In questo periodo si moltiplicano in via esponenziale gli attacchi ai magistrati che hanno deciso di offrire al Parlamento le loro competenze giuridiche. Ma di tutte queste aggressioni e critiche mi sfugge davvero il senso. Si è detto che il magistrato, in quanto imparziale (e comunque solo quando svolge sue funzioni), poi non può scendere in campo schierandosi con una delle parti.

Tale affermazione non ha senso, innanzitutto, per i candidati indipendenti, che ben sono previsti nel nostro assetto costituzionale. Che dire poi dei vari Ingroia, che non si sono schierati da nessuna parte ma hanno fondato un proprio movimento politico? 

La critica potrebbe quindi valere solo per quei magistrati che si sono schierati con la destra (come Nitto Palma, fortemente voluto dal centrodestra, che lo nominò anche ministro della Giustizia) o dalla sinistra (come Piero Grasso, capo della Direzione nazionale antimafia), rispetto ai quali, però, la politica non ha avuto gran che da ridire. Ciò però, sia chiaro, è solo il frutto della degenerazione della politica, posto che l’art. 67 della Costituzione impone che i parlamentari svolgano la propria funzione senza vincolo di mandato, il che vuol dire che non dovrebbero mai votare secondo ciò che vuole il partito, ma sempre scegliere solo secondo la propria coscienza ciò che è giusto e ciò che non è giusto imporre per legge.

Resta comunque da capire se un giudice che si dedichi temporaneamente alla politica leda in qualche modo la sua immagine di indipendenza. Prendiamo diversi esempi:

 1) il primo: un giudice che si occupa di sinistri stradali, separazioni e divorzi, infiltrazioni condominiali e cose di questo genere. Potrà mai dirsi che la sua professione sarà influenzata dalla sua esperienza politica? Credo di no. 

2) secondo: un giudice che lavori presso il Tribunale dei minorenni. Credo che la conclusione non possa che essere la stessa.

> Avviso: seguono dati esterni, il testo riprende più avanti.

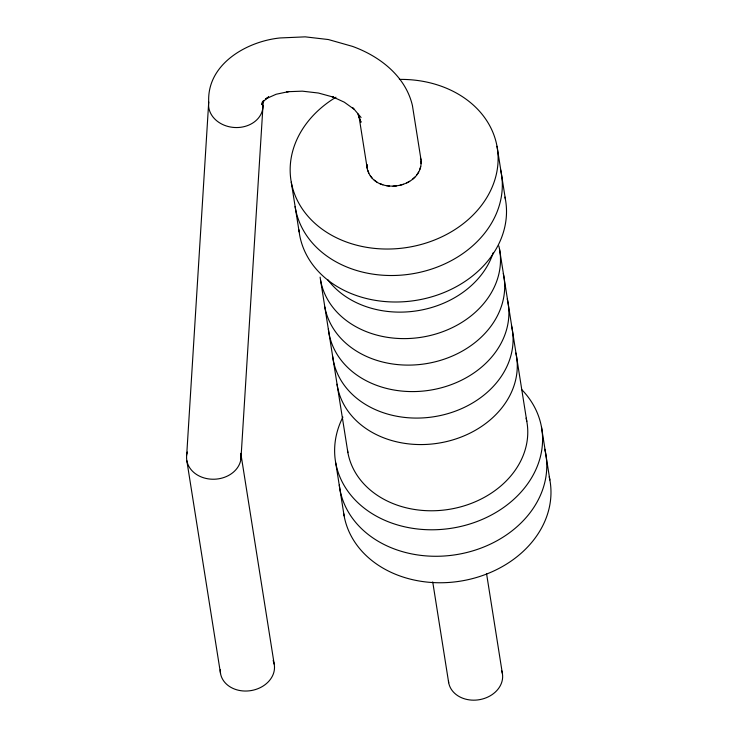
<?xml version="1.0" encoding="UTF-8"?>
<svg xmlns="http://www.w3.org/2000/svg" width="737" height="737" viewBox="0 0 737 737"><rect width="100%" height="100%" fill="white"/><g stroke="black" fill="none" stroke-linecap="round" stroke-linejoin="round"><path stroke-width="1.11" d="M186.71 454.913L208.718 102.102C206.802 64.064 246.932 41.272 280.078 37.956L305.182 36.85L328.398 39.549L352.452 46.376C379.739 56.224 405.571 76.169 412.425 105.557L420.974 159.533C424.282 188.479 374.212 196.991 367.302 168.893L359.076 116.925L360.992 122.259L357.648 113.424M240.925 459.123L263.275 101.144M420.716 166.516L419.85 169.344M421.057 163.632L421.002 160.767M262.547 101.853L261.69 104.626L263.846 100.776M418.616 172.099L416.902 174.697M263.514 100.554L262.225 102.323L268.609 97.026M414.848 177.147L412.398 179.34M409.68 181.311L406.649 182.942M268.609 96.897L265.421 99.025L276.145 94.253L289.079 91.508L286.619 91.757L302.308 91.158L318.402 93.028L333.787 97.238L331.917 96.492L344.299 102.185L354.239 109.352M403.443 184.305L400.053 185.282M396.57 185.936L393.042 186.175M389.541 186.093L386.114 185.577M382.816 184.747L379.739 183.522M376.865 182.011L374.332 180.15M372.093 178.059L370.287 175.692M352.756 107.565L361.075 117.505M368.822 173.158L367.855 170.45M420.422 157.967L420.974 159.533M367.275 167.649L367.219 164.784L367.302 168.893M497.014 146.276L505.407 199.248M541.483 427.036L549.866 480.008M499.539 249.263L526.808 421.426M486.567 573.69L502.358 673.369M432.72 581.908L448.686 682.729M320.623 280.456L347.892 452.61M291.262 182.14L299.655 235.112A104.433 84.276 -9 0 0 419.021 299.848A104.433 84.276 -9 0 0 504.974 197.101M335.731 462.9L344.124 515.872M274.219 664.23L240.815 453.338A27.269 22.211 -2.8 0 1 214.246 479.225A27.269 22.211 -2.8 0 1 186.737 454.913M186.83 460.708L220.547 673.59M507.231 298.946A90.808 73.276 -9 0 1 430.961 390.039A90.808 73.276 -9 0 1 328.37 328.978M511.423 325.432A90.808 73.276 -9 0 1 435.853 416.414A90.808 73.276 -9 0 1 332.7 356.588M503.288 273.556A90.808 73.276 -9 0 1 428.823 363.194A90.808 73.276 -9 0 1 324.814 306.942M498.838 245.974A90.808 73.276 -9 0 1 423.259 336.947A90.808 73.276 -9 0 1 320.116 277.13M493.246 252.616A90.808 73.276 -9 0 1 417.759 310.682A90.808 73.276 -9 0 1 327.615 279.48M299.139 231.869A104.433 84.276 -9 0 1 298.881 229.677M500.543 169.547A104.433 84.276 -9 0 1 414.166 273.482A104.433 84.276 -9 0 1 295.104 206.471M399.371 79.403A104.433 84.276 -9 0 1 491.487 188.672A104.433 84.276 -9 0 1 329.725 234.154A104.433 84.276 -9 0 1 335.952 97.229M549.203 476.793A104.433 84.276 -9 0 1 462.827 580.728A104.433 84.276 -9 0 1 343.764 513.717M544.744 449.229A104.433 84.276 -9 0 1 457.963 554.362A104.433 84.276 -9 0 1 339.278 485.047M521.768 389.633A104.433 84.276 -9 0 1 451.155 528.3A104.433 84.276 -9 0 1 342.908 417.059M526.107 418.137A90.808 73.276 -9 0 1 451.219 508.991A90.808 73.276 -9 0 1 347.532 450.408M515.872 353.014A90.808 73.276 -9 0 1 440.044 442.9A90.808 73.276 -9 0 1 337.039 384.189M501.611 670.587A27.241 21.981 -9 0 1 480.063 699.57A27.241 21.981 -9 0 1 448.446 680.831M273.123 660.545A27.241 21.981 -9 0 1 251.335 690.541A27.241 21.981 -9 0 1 220.262 669.758M186.903 453.955A27.269 22.211 -2.8 0 1 187.373 452.048M262.98 105.446A27.241 22.303 3.7 0 1 234.412 127.492A27.241 22.303 3.7 0 1 208.718 102.102"/></g></svg>

3) terzo: un pubblico ministero che si occupi di reati minori (o, ad esempio, di reati contro la persona: sequestri di persona, violenze sessuali, lesioni, omicidi, diffamazioni, ingiurie).  Idem come sopra.

4) quarto. Un pubblico ministero che si occupi anche di mafia. A questo punto siamo ad un bivio. Ci sono tanti modi di fare il PM e diverse capacità. Ci sono PM che si sono limitati a contrastare solo l’ala “militare” della criminalità organizzata e PM che per merito, intuito, bravura, coraggio hanno visto oltre, ed hanno indagato sul rapporto tra mafie, massoneria e politica (possiamo sinceramente mettere in dubbio che non esistano questi rapporti?). Allora, questo è il punto: ha senso escludere questi magistrati, gli unici con una simile esperienza, dal Parlamento? O non sarebbero invece da escludere quelli che non sono stati capaci di vedere (o hanno preferito non farlo) il rapporto tra politica e istituzioni?

Per questo mi sfugge davvero sfugge il senso di queste critiche (provenienti purtroppo anche da una parte della magistratura stessa); anche perché si finisce per concludere con il paradosso che in Parlamento ci possono stare gli indagati ed imputati di quei PM bravi e coraggiosi, e non i “buoni” che hanno perseguito i loro reati e cercato la verità.

Concludo rilevando come, tempo fa, in occasione del 180 anno dalla istituzione del Consiglio di Stato, il presidente della Repubblica Giorgio Napolitano auspicò che, al fine di migliorare la qualità delle leggi (da Egli definita come oggetto di un sensibile scadimento), fossero i magistrati (del Consiglio di Stato) a dare il loro contributo professionale in tal senso.

Prova ne sia che nel Governo Monti, da Egli fortemente voluto, c’erano magistrati ministri (Patroni Griffi) e magistrati sottosegretari (Catricalà e S. Malinconico). Ne capisco le ragioni: i magistrati hanno una competenza tecnico-giuridica che certamente non hanno i molti medici, veterinari, enologi, imprenditori e vallette che ci rappresentano (ed è giusto che ci siano, tranne qualche valletta di troppo) nelle aule legislative e, in più, non hanno una visione condizionata dalla loro qualità di “parte” nel processo (come gli avvocati) avendo perciò una visione libera ed indipendente dei problemi normativi.  

Ma a questo punto viene da chiedersi, seguendo il ragionamento del Capo dello Stato, se i magistrati devono aiutare i politici a fare le leggi, cosa dovrebbero fare se non andare in Parlamento a servire il Paese?